Question: Is my Wal-Mart Stores Inc. stock going to revive?
Answer: The world's largest retailer fared well early in the recession as consumers became more budget-conscious.
Since then, however, persistently high U.S. unemployment and some uncharacteristic mistakes in merchandising have slowed Wal-Mart down. Indicative of its struggles have been several key executive departures.
The retailer's shares are up 1.1% this year so far, after dropping 4.7% last year. The company is in excellent financial shape but must cope with continuing economic uncertainties, including the potential for deflation in grocery prices.
International growth is crucial for Wal-Mart. The company has more than 8,500 stores in 15 countries, nearly half of them in the U.S. About one-fourth of its profit comes from overseas.
The company has offered to acquire Massmart Holdings, which has stores in 13 African countries, for more than $4 billion. But labor unions in South Africa, where Massmart is based, have fought the deal.

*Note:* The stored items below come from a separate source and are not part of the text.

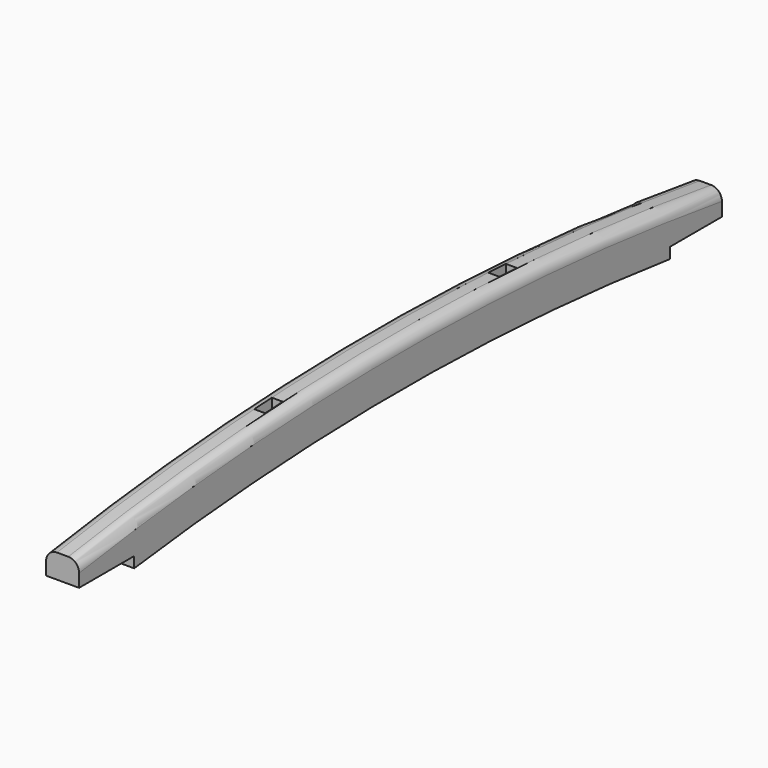
from build123d import *

# Parameters (mm, degrees)
F1_DEPTH = 152.4
F2_R     = 50
F4_W     = 50.8
F4_H     = 101.6
F5_DEPTH = 152.4


with BuildPart() as f1:
    # F0 (on Right) → F1 (new body)
    with BuildSketch(Plane.YZ):
        with BuildLine():
            ThreePointArc((-1546.8, -50), (0, 49.0106103665), (1546.8, -50))
            Line((1546.8, -50), (1546.8, 0))
            Line((1546.8, 0), (1846.1961399702, 0))
            Line((1846.1961399702, 0), (1846.1961399702, 113.2689997187))
            ThreePointArc((1846.1961399702, 113.2689997187), (-9.4967662084, 252.2069546258), (-1864.9735382658, 110.4118005804))
            Line((-1864.9735382658, 110.4118005804), (-1864.9735382658, 0))
            Line((-1864.9735382658, 0), (-1546.8, 0))
            Line((-1546.8, 0), (-1546.8, -50))
        make_face()
    extrude(amount=F1_DEPTH)

    # F2
    f2_edges = [f1.edges().sort_by_distance(p)[0] for p in [
        (152.4, -9.496766, 252.206955),
        (0, -9.496766, 252.206955),
    ]]
    fillet(f2_edges, radius=F2_R)

    # F4 (on face) → F5 (cut)
    with BuildSketch(Plane(origin=(0, -0.086110522, 111.8475621363), x_dir=(1, 0, 0), z_dir=(0, -0.0007698916, 0.9999997036))):
        with Locations((76.2, -675.8)):
            Rectangle(F4_W, F4_H)
        with Locations((76.2, 675.8)):
            Rectangle(F4_W, F4_H)
    extrude(amount=F5_DEPTH, mode=Mode.SUBTRACT)


solid = f1.part
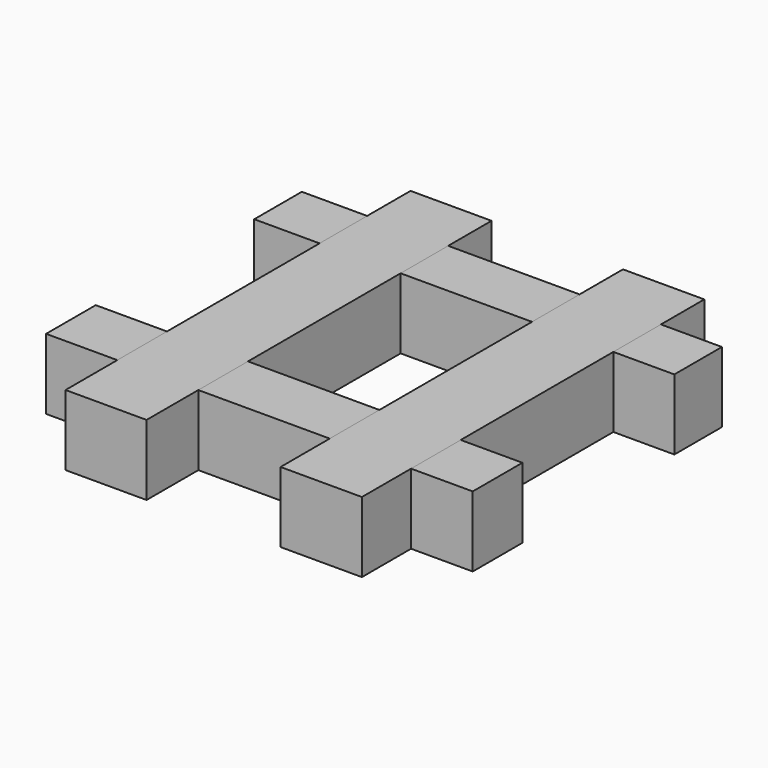
from build123d import *

# Parameters (mm, degrees)
F1_W     = 151.3130292296
F1_H     = 21.4144438505
F2_DEPTH = 25.4
F3_W     = 153.6662653089
F3_H     = 22.3557390273
F4_DEPTH = 25.4
F5_W     = 29.1801150888
F5_H     = 155.3135290742
F6_DEPTH = 25.4
F7_W     = 29.2942132801
F7_H     = 154.1548073292
F8_DEPTH = 25.4


# Not quite as in the source:
# - a feature of the source that left no trace in its solid (it failed there, or was rolled back) is left out


with BuildPart() as f2:
    # F1 (on Top) → F2 (new body)
    with BuildSketch(Plane.XY):
        with Locations((0.7059685886, 45.7704290748)):
            Rectangle(F1_W, F1_H)
    extrude(amount=F2_DEPTH)


with BuildPart() as f4:
    # F3 (on Top) → F4 (new body)
    with BuildSketch(Plane.XY):
        with Locations((-0.2353228629, -44.8291320354)):
            Rectangle(F3_W, F3_H)
    extrude(amount=F4_DEPTH)


with BuildPart() as f6:
    # F5 (on Top) → F6 (new body)
    with BuildSketch(Plane.XY):
        with Locations((-36.8281314149, -1.6472674906)):
            Rectangle(F5_W, F5_H)
    extrude(amount=F6_DEPTH)


with BuildPart() as f8:
    # F7 (on Top) → F8 (new body)
    with BuildSketch(Plane.XY):
        with Locations((39.744076319, -1.07178092)):
            Rectangle(F7_W, F7_H)
    extrude(amount=F8_DEPTH)


solid = Compound([f2.part, f4.part, f6.part, f8.part])
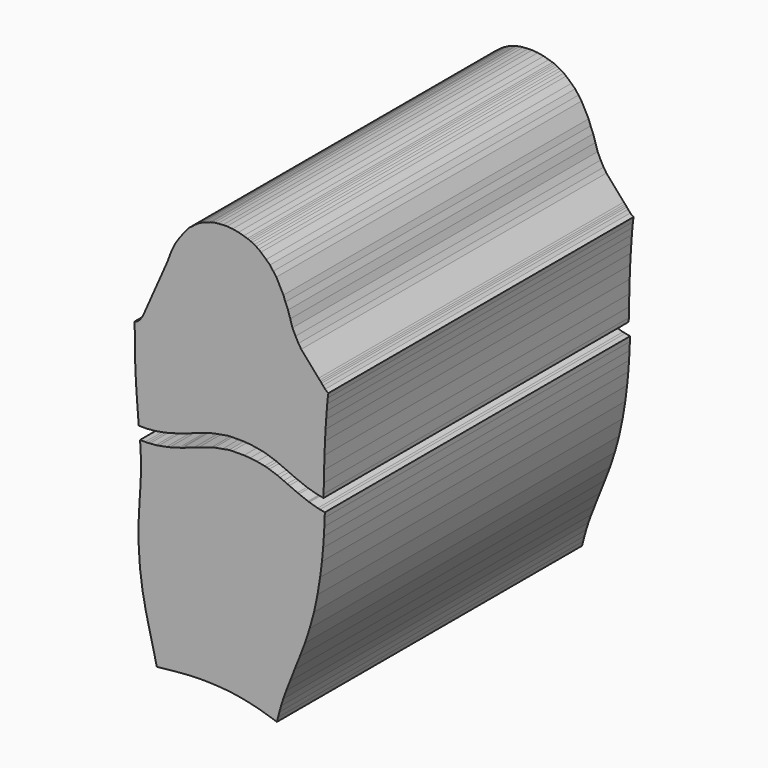
from build123d import *

# Parameters (mm, degrees)
F2_DEPTH = 508


# Not quite as in the source:
# - the program builds the solid bodies; features that only make, move or delete a surface that nothing else refers to are left out


with BuildPart() as f2:
    # F0 (on Front) → F2 (new body)
    with BuildSketch(Plane.XZ):
        Polygon((-99.35524, -267.157394), (-87.704154, -265.912724), (-77.642191, -264.889562), (-67.687226, -263.950115), (-57.626497, -263.202614), (-47.835855, -262.752223), (-37.623644, -262.622648), (-27.549122, -262.832515), (-17.617123, -263.335506), (-7.703785, -264.137581), (1.93555, -265.255393), (11.78373, -266.764753), (21.403733, -268.685028), (30.708282, -270.83535), (39.779716, -273.220339), (47.856634, -275.617817), (54.708213, -277.79442), (60.621898, -279.7178), (62.100178, -273.892381), (63.860292, -267.155842), (66.065188, -259.260817), (68.922512, -250.058256), (72.873976, -239.227413), (78.009644, -226.195026), (84.088358, -210.560021), (90.96442, -193.298534), (97.880029, -175.224811), (104.237719, -155.856182), (109.972263, -134.97015), (114.571321, -113.121317), (118.10686, -91.616372), (120.577504, -72.156973), (122.125705, -55.726912), (123.12777, -41.873435), (123.758995, -30.217446), (124.191324, -19.726469), (124.403661, -13.319637), (118.051474, -12.002012), (114.902297, -11.379006), (103.790009, -8.175114), (102.941473, -7.932579), (102.774185, -7.869009), (101.851989, -7.507658), (90.04621, -2.907224), (87.941009, -2.099751), (77.087624, 2.698767), (74.31532, 3.890768), (69.497222, 5.997663), (64.486402, 8.188801), (61.150429, 9.579169), (50.325408, 13.192707), (47.439086, 14.157448), (44.15215, 14.980091), (33.917572, 16.920968), (24.832063, 18.047035), (16.925466, 18.617653), (1.300727, 18.502788), (-3.02828, 18.408632), (-11.997373, 16.688876), (-22.540419, 14.802432), (-26.847447, 13.566969), (-43.403485, 8.30176), (-49.739938, 6.067019), (-65.069438, 0.721942), (-65.631731, 0.525868), (-66.822744, 0.149595), (-69.900765, -0.691604), (-82.198069, -4.148932), (-86.677218, -5.146552), (-96.860889, -7.030491), (-100.650569, -7.635152), (-108.615022, -8.256464), (-111.81327, -8.50803), (-114.846382, -8.486087), (-121.66787, -8.40389), (-121.242843, -14.793437), (-120.757245, -23.907133), (-120.423058, -34.545006), (-120.480208, -47.140266), (-121.136163, -62.259157), (-122.286607, -80.620535), (-123.449045, -102.956413), (-123.594037, -129.314381), (-121.806265, -157.957926), (-118.219785, -184.666238), (-113.801807, -206.999505), (-109.393073, -225.58084), (-105.540493, -241.278075), (-102.235424, -254.856704), align=None)
    extrude(amount=F2_DEPTH)


with BuildPart() as f2b:
    # F0 (on Front) → F2, piece 2 (new body)
    with BuildSketch(Plane.XZ):
        Polygon((-125.782705, 128.917153), (-129.062374, 127.987089), (-128.75574, 122.909312), (-128.690088, 116.899531), (-128.652305, 109.84454), (-128.59512, 101.393501), (-128.429667, 91.558586), (-128.095552, 79.860298), (-127.522887, 66.053599), (-126.616672, 50.190206), (-125.498014, 34.653661), (-124.489775, 21.756211), (-123.65729, 10.717336), (-123.462027, 7.781413), (-116.640504, 7.699216), (-113.607427, 7.677273), (-110.409179, 7.928839), (-102.444727, 8.550116), (-98.655011, 9.154777), (-88.471375, 11.038751), (-83.992226, 12.036336), (-71.694887, 15.4937), (-68.616865, 16.334898), (-67.425888, 16.711136), (-66.86356, 16.90721), (-51.534095, 22.252322), (-45.197607, 24.487064), (-28.641569, 29.752272), (-24.334541, 30.987735), (-13.79153, 32.874179), (-4.822402, 34.593935), (-0.49343, 34.688092), (15.131344, 34.802921), (23.037906, 34.232338), (32.123415, 33.106271), (42.357992, 31.165394), (45.644929, 30.342716), (48.531251, 29.37801), (59.356307, 25.764472), (62.69228, 24.374104), (67.703065, 22.182931), (72.521198, 20.076036), (75.293502, 18.884035), (86.146851, 14.085552), (88.252088, 13.278079), (100.057832, 8.677645), (100.980063, 8.31626), (101.147315, 8.252689), (101.995852, 8.010154), (113.10814, 4.806262), (116.257317, 4.183291), (122.609539, 2.865631), (122.767831, 7.641643), (123.099548, 20.739082), (123.450808, 36.054012), (123.935843, 53.439183), (124.623971, 70.255465), (125.393379, 84.414377), (126.176334, 96.343487), (126.917803, 106.396948), (127.60639, 114.846011), (128.283264, 121.936033), (129.062374, 127.891945), (124.731004, 131.111007), (121.987627, 134.641254), (120.126725, 136.650077), (118.959418, 138.193339), (117.667546, 139.441255), (116.077118, 141.215586), (92.994833, 167.633279), (89.268511, 173.340024), (85.373809, 180.553236), (81.284021, 188.974853), (78.387857, 198.625724), (75.360777, 207.999347), (71.889514, 216.193034), (69.247244, 223.532964), (59.839825, 241.445503), (55.722414, 247.019109), (51.380707, 252.946199), (46.299402, 257.733958), (39.296269, 263.930641), (36.268519, 266.463621), (32.910886, 268.539683), (30.253622, 269.975876), (27.504425, 271.600524), (25.185158, 272.622098), (23.492248, 273.547928), (21.227027, 274.145851), (16.28267, 275.706081), (9.413205, 277.600145), (1.605491, 279.030694), (-5.790953, 279.717799), (-11.402378, 279.505145), (-17.941749, 279.042724), (-22.593618, 278.590569), (-27.039041, 277.544124), (-30.013804, 276.473549), (-33.890832, 275.292132), (-37.71325, 273.92092), (-40.370866, 272.522579), (-43.719715, 270.766804), (-45.799587, 269.313219), (-48.025791, 267.92465), (-50.056239, 266.236855), (-53.201711, 263.83271), (-56.390082, 261.457457), (-58.186708, 259.497424), (-59.404003, 257.840462), (-61.690532, 255.533648), (-64.17564, 252.118971), (-67.319737, 247.98498), (-71.469497, 242.217945), (-75.866449, 235.03352), (-79.6931, 227.091751), (-82.601188, 219.33385), (-85.060543, 212.654603), (-118.453571, 136.861603), (-119.91975, 134.961824), (-121.672597, 132.711348), (-123.742732, 130.524408), align=None)
    extrude(amount=F2_DEPTH)


solid = Compound([f2.part, f2b.part])

Among recent moves in the U.S., Wal-Mart has begun selling Apple Inc.'s iPad tablet computer as well as marketing cellphone service with no contract and a flat monthly fee. The company also has partnered with health insurer Humana Inc. to offer a Medicare Part D prescription plan at one price nationwide.
On the expense side, Wal-Mart recently said it would no longer make profit-sharing contributions for all employees but instead would match a worker's own 401(k) contributions of up to 6% of pay. The company faces a number of employee-discrimination lawsuits.
Wall Street firms on average rate Wal-Mart a "buy," according to Thomson Reuters. That includes 14 "strong buys," nine "buys" and seven "holds."
Analysts on average expect Wal-Mart's earnings to increase 10% this year and next year, compared with projected industrywide increases of 52% this year and 20% next year.
• Stock fund outranks most of its peers
Question: Fidelity Low-Priced Stock fund was recommended to me. Do you consider it a good choice for my retirement account?
Answer: Star portfolio manager Joel Tillinghast has run this $30-billion fund since its inception in 1989 and has more than $1 million of his own money invested in it, indicating he is on board with the interests of shareholders.
This low-volatility, low-cost fund, which owns more than 900 stocks, emphasizes companies with share prices of $35 or less and keeps about one-third of its portfolio in foreign firms.
The fund has earned a total return of 15% in the last year, ranking it above average among so-called mid-cap blend funds. Its three-year annualized decline of 0.6% places it in the top 15% of its peers, and its 10-year annualized return of 11% puts it in the top 1%.
Consumer-service stocks account for 22% of the fund's portfolio value, with other concentrations in consumer goods, healthcare and industrial materials.
The fund has a relatively low annual expense ratio of 0.99%. A $2,500 minimum initial investment is required to buy shares, but there is no sales charge.